• [WHAT IS EXPECTED]: From the data below, set down exactly the lines between the one holding "#133=FACE_BOUND('',#132,.T.);" and the one holding "#152=LINE('',#151,#150);", inclusive, and no others.

"""

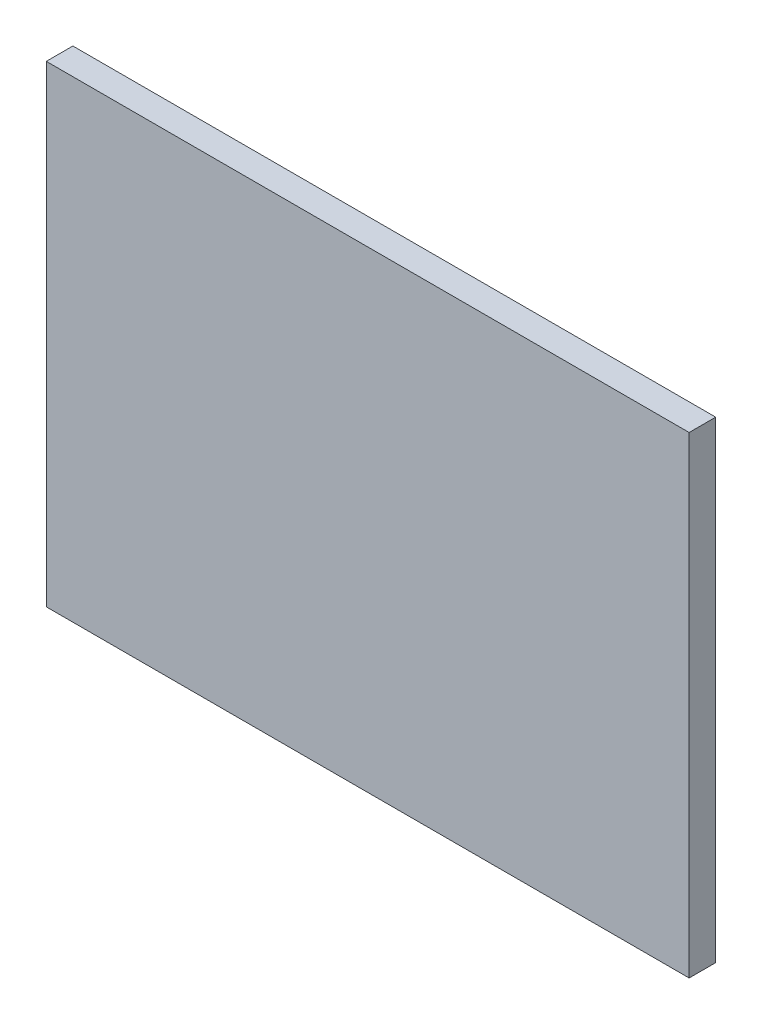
ISO-10303-21;
HEADER;
FILE_DESCRIPTION(('STEP AP214'),'2;1');
FILE_NAME('part.step','',(''),(''),'','','');
FILE_SCHEMA(('AUTOMOTIVE_DESIGN { 1 0 10303 214 1 1 1 1 }'));
ENDSEC;
DATA;
#1=APPLICATION_CONTEXT('core data for automotive mechanical design processes');
#2=APPLICATION_PROTOCOL_DEFINITION('international standard','automotive_design',2000,#1);
#3=PRODUCT_CONTEXT('',#1,'mechanical');
#4=PRODUCT('Part','Part','',(#3));
#5=PRODUCT_RELATED_PRODUCT_CATEGORY('part','',(#4));
#6=PRODUCT_DEFINITION_FORMATION('','',#4);
#7=PRODUCT_DEFINITION_CONTEXT('part definition',#1,'design');
#8=PRODUCT_DEFINITION('design','',#6,#7);
#9=PRODUCT_DEFINITION_SHAPE('','',#8);
#10=(LENGTH_UNIT() NAMED_UNIT(*) SI_UNIT(.MILLI.,.METRE.));
#11=(NAMED_UNIT(*) PLANE_ANGLE_UNIT() SI_UNIT($,.RADIAN.));
#12=(NAMED_UNIT(*) SI_UNIT($,.STERADIAN.) SOLID_ANGLE_UNIT());
#13=UNCERTAINTY_MEASURE_WITH_UNIT(LENGTH_MEASURE(1.E-05),#10,'distance_accuracy_value','');
#14=(GEOMETRIC_REPRESENTATION_CONTEXT(3) GLOBAL_UNCERTAINTY_ASSIGNED_CONTEXT((#13)) GLOBAL_UNIT_ASSIGNED_CONTEXT((#10,
#11,#12)) REPRESENTATION_CONTEXT('',''));
#15=CARTESIAN_POINT('',(0.,0.,0.));
#16=DIRECTION('',(0.,0.,1.));
#17=DIRECTION('',(1.,0.,0.));
#18=AXIS2_PLACEMENT_3D('',#15,#16,#17);
#19=CARTESIAN_POINT('',(-43.087339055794,19.1972103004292,1.5748));
#20=DIRECTION('',(1.,0.,0.));
#21=DIRECTION('',(0.,0.,-1.));
#22=AXIS2_PLACEMENT_3D('',#19,#20,#21);
#23=PLANE('',#22);
#24=DIRECTION('',(0.,-1.,0.));
#25=VECTOR('',#24,1.);
#26=CARTESIAN_POINT('',(-43.087339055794,19.1972103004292,0.));
#27=LINE('',#26,#25);
#28=CARTESIAN_POINT('',(-43.087339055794,19.1972103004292,0.));
#29=VERTEX_POINT('',#28);
#30=CARTESIAN_POINT('',(-43.087339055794,-8.80278969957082,0.));
#31=VERTEX_POINT('',#30);
#32=EDGE_CURVE('E75',#29,#31,#27,.T.);
#33=ORIENTED_EDGE('',*,*,#32,.T.);
#34=DIRECTION('',(0.,0.,-1.));
#35=VECTOR('',#34,1.);
#36=CARTESIAN_POINT('',(-43.087339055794,-8.80278969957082,1.5748));
#37=LINE('',#36,#35);
#38=CARTESIAN_POINT('',(-43.087339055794,-8.80278969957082,1.5748));
#39=VERTEX_POINT('',#38);
#40=EDGE_CURVE('E11',#39,#31,#37,.T.);
#41=ORIENTED_EDGE('',*,*,#40,.F.);
#42=DIRECTION('',(0.,-1.,0.));
#43=VECTOR('',#42,1.);
#44=CARTESIAN_POINT('',(-43.087339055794,19.1972103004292,1.5748));
#45=LINE('',#44,#43);
#46=CARTESIAN_POINT('',(-43.087339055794,19.1972103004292,1.5748));
#47=VERTEX_POINT('',#46);
#48=EDGE_CURVE('E93',#47,#39,#45,.T.);
#49=ORIENTED_EDGE('',*,*,#48,.F.);
#50=DIRECTION('',(0.,0.,-1.));
#51=VECTOR('',#50,1.);
#52=CARTESIAN_POINT('',(-43.087339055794,19.1972103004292,1.5748));
#53=LINE('',#52,#51);
#54=EDGE_CURVE('E87',#47,#29,#53,.T.);
#55=ORIENTED_EDGE('',*,*,#54,.T.);
#56=EDGE_LOOP('',(#33,#41,#49,#55));
#57=FACE_BOUND('',#56,.T.);
#58=ADVANCED_FACE('F31',(#57),#23,.F.);
#59=CARTESIAN_POINT('',(-43.087339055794,-8.80278969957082,1.5748));
#60=DIRECTION('',(0.,1.,0.));
#61=DIRECTION('',(0.,0.,1.));
#62=AXIS2_PLACEMENT_3D('',#59,#60,#61);
#63=PLANE('',#62);
#64=DIRECTION('',(1.,0.,0.));
#65=VECTOR('',#64,1.);
#66=CARTESIAN_POINT('',(-43.087339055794,-8.80278969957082,0.));
#67=LINE('',#66,#65);
#68=CARTESIAN_POINT('',(-4.98733905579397,-8.80278969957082,0.));
#69=VERTEX_POINT('',#68);
#70=EDGE_CURVE('E71',#31,#69,#67,.T.);
#71=ORIENTED_EDGE('',*,*,#70,.T.);
#72=DIRECTION('',(0.,0.,-1.));
#73=VECTOR('',#72,1.);
#74=CARTESIAN_POINT('',(-4.98733905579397,-8.80278969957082,1.5748));
#75=LINE('',#74,#73);
#76=CARTESIAN_POINT('',(-4.98733905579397,-8.80278969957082,1.5748));
#77=VERTEX_POINT('',#76);
#78=EDGE_CURVE('E38',#77,#69,#75,.T.);
#79=ORIENTED_EDGE('',*,*,#78,.F.);
#80=DIRECTION('',(1.,0.,0.));
#81=VECTOR('',#80,1.);
#82=CARTESIAN_POINT('',(-43.087339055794,-8.80278969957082,1.5748));
#83=LINE('',#82,#81);
#84=EDGE_CURVE('E83',#39,#77,#83,.T.);
#85=ORIENTED_EDGE('',*,*,#84,.F.);
#86=ORIENTED_EDGE('',*,*,#40,.T.);
#87=EDGE_LOOP('',(#71,#79,#85,#86));
#88=FACE_BOUND('',#87,.T.);
#89=ADVANCED_FACE('F82',(#88),#63,.F.);
#90=CARTESIAN_POINT('',(-4.98733905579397,19.1972103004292,1.5748));
#91=DIRECTION('',(-1.,0.,0.));
#92=DIRECTION('',(0.,0.,1.));
#93=AXIS2_PLACEMENT_3D('',#90,#91,#92);
#94=PLANE('',#93);
#95=DIRECTION('',(0.,1.,0.));
#96=VECTOR('',#95,1.);
#97=CARTESIAN_POINT('',(-4.98733905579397,19.1972103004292,0.));
#98=LINE('',#97,#96);
#99=CARTESIAN_POINT('',(-4.98733905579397,19.1972103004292,0.));
#100=VERTEX_POINT('',#99);
#101=EDGE_CURVE('E76',#69,#100,#98,.T.);
#102=ORIENTED_EDGE('',*,*,#101,.T.);
#103=DIRECTION('',(0.,0.,-1.));
#104=VECTOR('',#103,1.);
#105=CARTESIAN_POINT('',(-4.98733905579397,19.1972103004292,1.5748));
#106=LINE('',#105,#104);
#107=CARTESIAN_POINT('',(-4.98733905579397,19.1972103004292,1.5748));
#108=VERTEX_POINT('',#107);
#109=EDGE_CURVE('E99',#108,#100,#106,.T.);
#110=ORIENTED_EDGE('',*,*,#109,.F.);
#111=DIRECTION('',(0.,1.,0.));
#112=VECTOR('',#111,1.);
#113=CARTESIAN_POINT('',(-4.98733905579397,19.1972103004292,1.5748));
#114=LINE('',#113,#112);
#115=EDGE_CURVE('E50',#77,#108,#114,.T.);
#116=ORIENTED_EDGE('',*,*,#115,.F.);
#117=ORIENTED_EDGE('',*,*,#78,.T.);
#118=EDGE_LOOP('',(#102,#110,#116,#117));
#119=FACE_BOUND('',#118,.T.);
#120=ADVANCED_FACE('F102',(#119),#94,.F.);
#121=CARTESIAN_POINT('',(-43.087339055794,19.1972103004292,1.5748));
#122=DIRECTION('',(0.,-1.,0.));
#123=DIRECTION('',(0.,0.,-1.));
#124=AXIS2_PLACEMENT_3D('',#121,#122,#123);
#125=PLANE('',#124);
#126=DIRECTION('',(-1.,0.,0.));
#127=VECTOR('',#126,1.);
#128=CARTESIAN_POINT('',(-43.087339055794,19.1972103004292,0.));
#129=LINE('',#128,#127);
#130=EDGE_CURVE('E91',#100,#29,#129,.T.);
#131=ORIENTED_EDGE('',*,*,#130,.T.);
#132=ORIENTED_EDGE('',*,*,#54,.F.);
#133=DIRECTION('',(-1.,0.,0.));
#134=VECTOR('',#133,1.);
#135=CARTESIAN_POINT('',(-43.087339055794,19.1972103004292,1.5748));
#136=LINE('',#135,#134);
#137=EDGE_CURVE('E45',#108,#47,#136,.T.);
#138=ORIENTED_EDGE('',*,*,#137,.F.);
#139=ORIENTED_EDGE('',*,*,#109,.T.);
#140=EDGE_LOOP('',(#131,#132,#138,#139));
#141=FACE_BOUND('',#140,.T.);
#142=ADVANCED_FACE('F104',(#141),#125,.F.);
#143=CARTESIAN_POINT('',(-43.087339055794,-8.80278969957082,1.5748));
#144=DIRECTION('',(0.,0.,1.));
#145=DIRECTION('',(1.,0.,0.));
#146=AXIS2_PLACEMENT_3D('',#143,#144,#145);
#147=PLANE('',#146);
#148=ORIENTED_EDGE('',*,*,#48,.T.);
#149=ORIENTED_EDGE('',*,*,#84,.T.);
#150=ORIENTED_EDGE('',*,*,#115,.T.);
#151=ORIENTED_EDGE('',*,*,#137,.T.);
#152=EDGE_LOOP('',(#148,#149,#150,#151));
#153=FACE_BOUND('',#152,.T.);
#154=ADVANCED_FACE('F105',(#153),#147,.T.);
#155=CARTESIAN_POINT('',(-43.087339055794,-8.80278969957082,0.));
#156=DIRECTION('',(0.,0.,1.));
#157=DIRECTION('',(1.,0.,0.));
#158=AXIS2_PLACEMENT_3D('',#155,#156,#157);
#159=PLANE('',#158);
#160=ORIENTED_EDGE('',*,*,#32,.F.);
#161=ORIENTED_EDGE('',*,*,#130,.F.);
#162=ORIENTED_EDGE('',*,*,#101,.F.);
#163=ORIENTED_EDGE('',*,*,#70,.F.);
#164=EDGE_LOOP('',(#160,#161,#162,#163));
#165=FACE_BOUND('',#164,.T.);
#166=ADVANCED_FACE('F72',(#165),#159,.F.);
#167=CLOSED_SHELL('',(#58,#89,#120,#142,#154,#166));
#168=MANIFOLD_SOLID_BREP('B2',#167);
#169=ADVANCED_BREP_SHAPE_REPRESENTATION('',(#18,#168),#14);
#170=SHAPE_DEFINITION_REPRESENTATION(#9,#169);
ENDSEC;
END-ISO-10303-21;
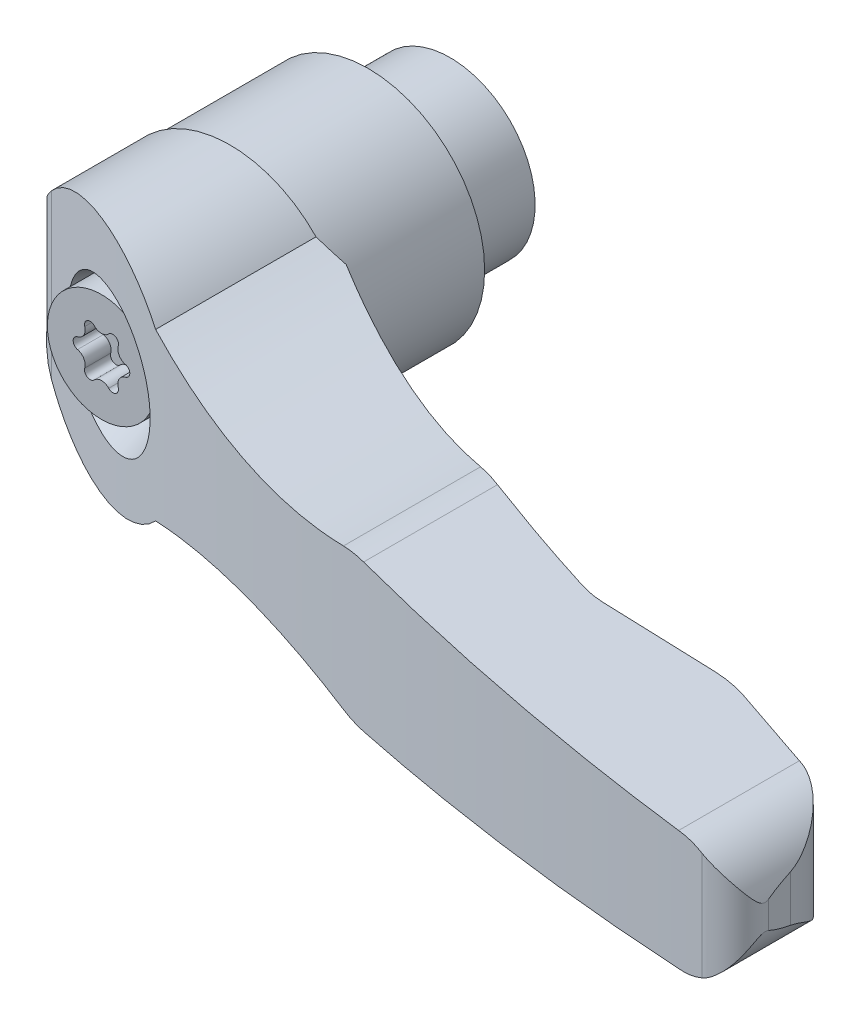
ISO-10303-21;
HEADER;
FILE_DESCRIPTION(('STEP AP214'),'2;1');
FILE_NAME('part.step','',(''),(''),'','','');
FILE_SCHEMA(('AUTOMOTIVE_DESIGN { 1 0 10303 214 1 1 1 1 }'));
ENDSEC;
DATA;
#1=APPLICATION_CONTEXT('core data for automotive mechanical design processes');
#2=APPLICATION_PROTOCOL_DEFINITION('international standard','automotive_design',2000,#1);
#3=PRODUCT_CONTEXT('',#1,'mechanical');
#4=PRODUCT('Part','Part','',(#3));
#5=PRODUCT_RELATED_PRODUCT_CATEGORY('part','',(#4));
#6=PRODUCT_DEFINITION_FORMATION('','',#4);
#7=PRODUCT_DEFINITION_CONTEXT('part definition',#1,'design');
#8=PRODUCT_DEFINITION('design','',#6,#7);
#9=PRODUCT_DEFINITION_SHAPE('','',#8);
#10=(LENGTH_UNIT() NAMED_UNIT(*) SI_UNIT(.MILLI.,.METRE.));
#11=(NAMED_UNIT(*) PLANE_ANGLE_UNIT() SI_UNIT($,.RADIAN.));
#12=(NAMED_UNIT(*) SI_UNIT($,.STERADIAN.) SOLID_ANGLE_UNIT());
#13=UNCERTAINTY_MEASURE_WITH_UNIT(LENGTH_MEASURE(1.E-05),#10,'distance_accuracy_value','');
#14=(GEOMETRIC_REPRESENTATION_CONTEXT(3) GLOBAL_UNCERTAINTY_ASSIGNED_CONTEXT((#13)) GLOBAL_UNIT_ASSIGNED_CONTEXT((#10,
#11,#12)) REPRESENTATION_CONTEXT('',''));
#15=CARTESIAN_POINT('',(0.,0.,0.));
#16=DIRECTION('',(0.,0.,1.));
#17=DIRECTION('',(1.,0.,0.));
#18=AXIS2_PLACEMENT_3D('',#15,#16,#17);
#19=CARTESIAN_POINT('',(-1.94278209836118,0.60205052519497,25.64));
#20=DIRECTION('',(0.,0.,-1.));
#21=DIRECTION('',(0.,1.,0.));
#22=AXIS2_PLACEMENT_3D('',#19,#20,#21);
#23=PLANE('',#22);
#24=CARTESIAN_POINT('',(-2.08556419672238,1.20410105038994,25.64));
#25=DIRECTION('',(0.,0.,-1.));
#26=DIRECTION('',(-1.,0.,0.));
#27=AXIS2_PLACEMENT_3D('',#24,#25,#26);
#28=CIRCLE('',#27,0.787499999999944);
#29=CARTESIAN_POINT('',(-1.33111425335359,1.4298476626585,25.64));
#30=VERTEX_POINT('',#29);
#31=CARTESIAN_POINT('',(-1.90384152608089,0.437854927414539,25.64));
#32=VERTEX_POINT('',#31);
#33=EDGE_CURVE('E641',#30,#32,#28,.T.);
#34=ORIENTED_EDGE('',*,*,#33,.T.);
#35=CARTESIAN_POINT('',(-1.8,0.,25.64));
#36=DIRECTION('',(0.,0.,1.));
#37=DIRECTION('',(1.,0.,0.));
#38=AXIS2_PLACEMENT_3D('',#35,#36,#37);
#39=CIRCLE('',#38,0.45);
#40=CARTESIAN_POINT('',(-1.90384152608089,-0.437854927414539,25.64));
#41=VERTEX_POINT('',#40);
#42=EDGE_CURVE('E645',#32,#41,#39,.T.);
#43=ORIENTED_EDGE('',*,*,#42,.T.);
#44=CARTESIAN_POINT('',(-2.08556419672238,-1.20410105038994,25.64));
#45=DIRECTION('',(0.,0.,-1.));
#46=DIRECTION('',(-1.,0.,0.));
#47=AXIS2_PLACEMENT_3D('',#44,#45,#46);
#48=CIRCLE('',#47,0.787499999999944);
#49=CARTESIAN_POINT('',(-1.33111425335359,-1.4298476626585,25.64));
#50=VERTEX_POINT('',#49);
#51=EDGE_CURVE('E682',#41,#50,#48,.T.);
#52=ORIENTED_EDGE('',*,*,#51,.T.);
#53=CARTESIAN_POINT('',(-0.899999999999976,-1.55884572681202,25.64));
#54=DIRECTION('',(0.,0.,1.));
#55=DIRECTION('',(1.,0.,0.));
#56=AXIS2_PLACEMENT_3D('',#53,#54,#55);
#57=CIRCLE('',#56,0.45);
#58=CARTESIAN_POINT('',(-0.57272727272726,-1.8677025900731,25.64));
#59=VERTEX_POINT('',#58);
#60=EDGE_CURVE('E678',#50,#59,#57,.T.);
#61=ORIENTED_EDGE('',*,*,#60,.T.);
#62=CARTESIAN_POINT('',(0.,-2.40820210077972,25.64));
#63=DIRECTION('',(0.,0.,-1.));
#64=DIRECTION('',(-1.,0.,0.));
#65=AXIS2_PLACEMENT_3D('',#62,#63,#64);
#66=CIRCLE('',#65,0.787499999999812);
#67=CARTESIAN_POINT('',(0.572727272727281,-1.8677025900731,25.64));
#68=VERTEX_POINT('',#67);
#69=EDGE_CURVE('E674',#59,#68,#66,.T.);
#70=ORIENTED_EDGE('',*,*,#69,.T.);
#71=CARTESIAN_POINT('',(0.9,-1.55884572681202,25.64));
#72=DIRECTION('',(0.,0.,1.));
#73=DIRECTION('',(-1.,0.,0.));
#74=AXIS2_PLACEMENT_3D('',#71,#72,#73);
#75=CIRCLE('',#74,0.45);
#76=CARTESIAN_POINT('',(1.33111425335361,-1.4298476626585,25.64));
#77=VERTEX_POINT('',#76);
#78=EDGE_CURVE('E670',#68,#77,#75,.T.);
#79=ORIENTED_EDGE('',*,*,#78,.T.);
#80=CARTESIAN_POINT('',(2.08556419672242,-1.20410105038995,25.64));
#81=DIRECTION('',(0.,0.,-1.));
#82=DIRECTION('',(1.,0.,0.));
#83=AXIS2_PLACEMENT_3D('',#80,#81,#82);
#84=CIRCLE('',#83,0.787499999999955);
#85=CARTESIAN_POINT('',(1.9038415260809,-0.437854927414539,25.64));
#86=VERTEX_POINT('',#85);
#87=EDGE_CURVE('E666',#77,#86,#84,.T.);
#88=ORIENTED_EDGE('',*,*,#87,.T.);
#89=CARTESIAN_POINT('',(1.8,0.,25.64));
#90=DIRECTION('',(0.,0.,1.));
#91=DIRECTION('',(-1.,0.,0.));
#92=AXIS2_PLACEMENT_3D('',#89,#90,#91);
#93=CIRCLE('',#92,0.45);
#94=CARTESIAN_POINT('',(1.9038415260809,0.437854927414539,25.64));
#95=VERTEX_POINT('',#94);
#96=EDGE_CURVE('E662',#86,#95,#93,.T.);
#97=ORIENTED_EDGE('',*,*,#96,.T.);
#98=CARTESIAN_POINT('',(2.08556419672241,1.20410105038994,25.64));
#99=DIRECTION('',(0.,0.,-1.));
#100=DIRECTION('',(1.,0.,0.));
#101=AXIS2_PLACEMENT_3D('',#98,#99,#100);
#102=CIRCLE('',#101,0.787499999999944);
#103=CARTESIAN_POINT('',(1.33111425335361,1.4298476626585,25.64));
#104=VERTEX_POINT('',#103);
#105=EDGE_CURVE('E658',#95,#104,#102,.T.);
#106=ORIENTED_EDGE('',*,*,#105,.T.);
#107=CARTESIAN_POINT('',(0.9,1.55884572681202,25.64));
#108=DIRECTION('',(0.,0.,1.));
#109=DIRECTION('',(-1.,0.,0.));
#110=AXIS2_PLACEMENT_3D('',#107,#108,#109);
#111=CIRCLE('',#110,0.45);
#112=CARTESIAN_POINT('',(0.572727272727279,1.8677025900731,25.64));
#113=VERTEX_POINT('',#112);
#114=EDGE_CURVE('E654',#104,#113,#111,.T.);
#115=ORIENTED_EDGE('',*,*,#114,.T.);
#116=CARTESIAN_POINT('',(0.,2.40820210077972,25.64));
#117=DIRECTION('',(0.,0.,-1.));
#118=DIRECTION('',(-1.,0.,0.));
#119=AXIS2_PLACEMENT_3D('',#116,#117,#118);
#120=CIRCLE('',#119,0.787499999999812);
#121=CARTESIAN_POINT('',(-0.572727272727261,1.8677025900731,25.64));
#122=VERTEX_POINT('',#121);
#123=EDGE_CURVE('E650',#113,#122,#120,.T.);
#124=ORIENTED_EDGE('',*,*,#123,.T.);
#125=CARTESIAN_POINT('',(-0.899999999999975,1.55884572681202,25.64));
#126=DIRECTION('',(0.,0.,1.));
#127=DIRECTION('',(1.,0.,0.));
#128=AXIS2_PLACEMENT_3D('',#125,#126,#127);
#129=CIRCLE('',#128,0.45);
#130=EDGE_CURVE('E640',#122,#30,#129,.T.);
#131=ORIENTED_EDGE('',*,*,#130,.T.);
#132=EDGE_LOOP('',(#34,#43,#52,#61,#70,#79,#88,#97,#106,#115,#124,#131));
#133=FACE_BOUND('',#132,.T.);
#134=ADVANCED_FACE('F14',(#133),#23,.F.);
#135=CARTESIAN_POINT('',(-2.08556419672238,-1.20410105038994,29.76));
#136=DIRECTION('',(0.,0.,-1.));
#137=DIRECTION('',(0.,1.,0.));
#138=AXIS2_PLACEMENT_3D('',#135,#136,#137);
#139=CYLINDRICAL_SURFACE('',#138,0.787499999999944);
#140=DIRECTION('',(0.,0.,-1.));
#141=VECTOR('',#140,1.);
#142=CARTESIAN_POINT('',(-1.33111425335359,-1.4298476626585,29.76));
#143=LINE('',#142,#141);
#144=CARTESIAN_POINT('',(-1.33111425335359,-1.4298476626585,27.7));
#145=VERTEX_POINT('',#144);
#146=EDGE_CURVE('E621',#145,#50,#143,.T.);
#147=ORIENTED_EDGE('',*,*,#146,.T.);
#148=ORIENTED_EDGE('',*,*,#51,.F.);
#149=DIRECTION('',(0.,0.,-1.));
#150=VECTOR('',#149,1.);
#151=CARTESIAN_POINT('',(-1.90384152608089,-0.437854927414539,29.76));
#152=LINE('',#151,#150);
#153=CARTESIAN_POINT('',(-1.90384152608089,-0.437854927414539,27.7));
#154=VERTEX_POINT('',#153);
#155=EDGE_CURVE('E619',#154,#41,#152,.T.);
#156=ORIENTED_EDGE('',*,*,#155,.F.);
#157=CARTESIAN_POINT('',(-2.08556419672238,-1.20410105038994,27.7));
#158=DIRECTION('',(0.,0.,1.));
#159=DIRECTION('',(0.,-1.,0.));
#160=AXIS2_PLACEMENT_3D('',#157,#158,#159);
#161=CIRCLE('',#160,0.787499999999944);
#162=EDGE_CURVE('E585',#145,#154,#161,.T.);
#163=ORIENTED_EDGE('',*,*,#162,.F.);
#164=EDGE_LOOP('',(#147,#148,#156,#163));
#165=FACE_BOUND('',#164,.T.);
#166=ADVANCED_FACE('F695',(#165),#139,.T.);
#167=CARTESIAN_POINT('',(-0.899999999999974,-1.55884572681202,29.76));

"""

• [WRITTEN ANSWER]:
#133=FACE_BOUND('',#132,.T.);
#134=ADVANCED_FACE('F14',(#133),#23,.F.);
#135=CARTESIAN_POINT('',(-2.08556419672238,-1.20410105038994,29.76));
#136=DIRECTION('',(0.,0.,-1.));
#137=DIRECTION('',(0.,1.,0.));
#138=AXIS2_PLACEMENT_3D('',#135,#136,#137);
#139=CYLINDRICAL_SURFACE('',#138,0.787499999999944);
#140=DIRECTION('',(0.,0.,-1.));
#141=VECTOR('',#140,1.);
#142=CARTESIAN_POINT('',(-1.33111425335359,-1.4298476626585,29.76));
#143=LINE('',#142,#141);
#144=CARTESIAN_POINT('',(-1.33111425335359,-1.4298476626585,27.7));
#145=VERTEX_POINT('',#144);
#146=EDGE_CURVE('E621',#145,#50,#143,.T.);
#147=ORIENTED_EDGE('',*,*,#146,.T.);
#148=ORIENTED_EDGE('',*,*,#51,.F.);
#149=DIRECTION('',(0.,0.,-1.));
#150=VECTOR('',#149,1.);
#151=CARTESIAN_POINT('',(-1.90384152608089,-0.437854927414539,29.76));
#152=LINE('',#151,#150);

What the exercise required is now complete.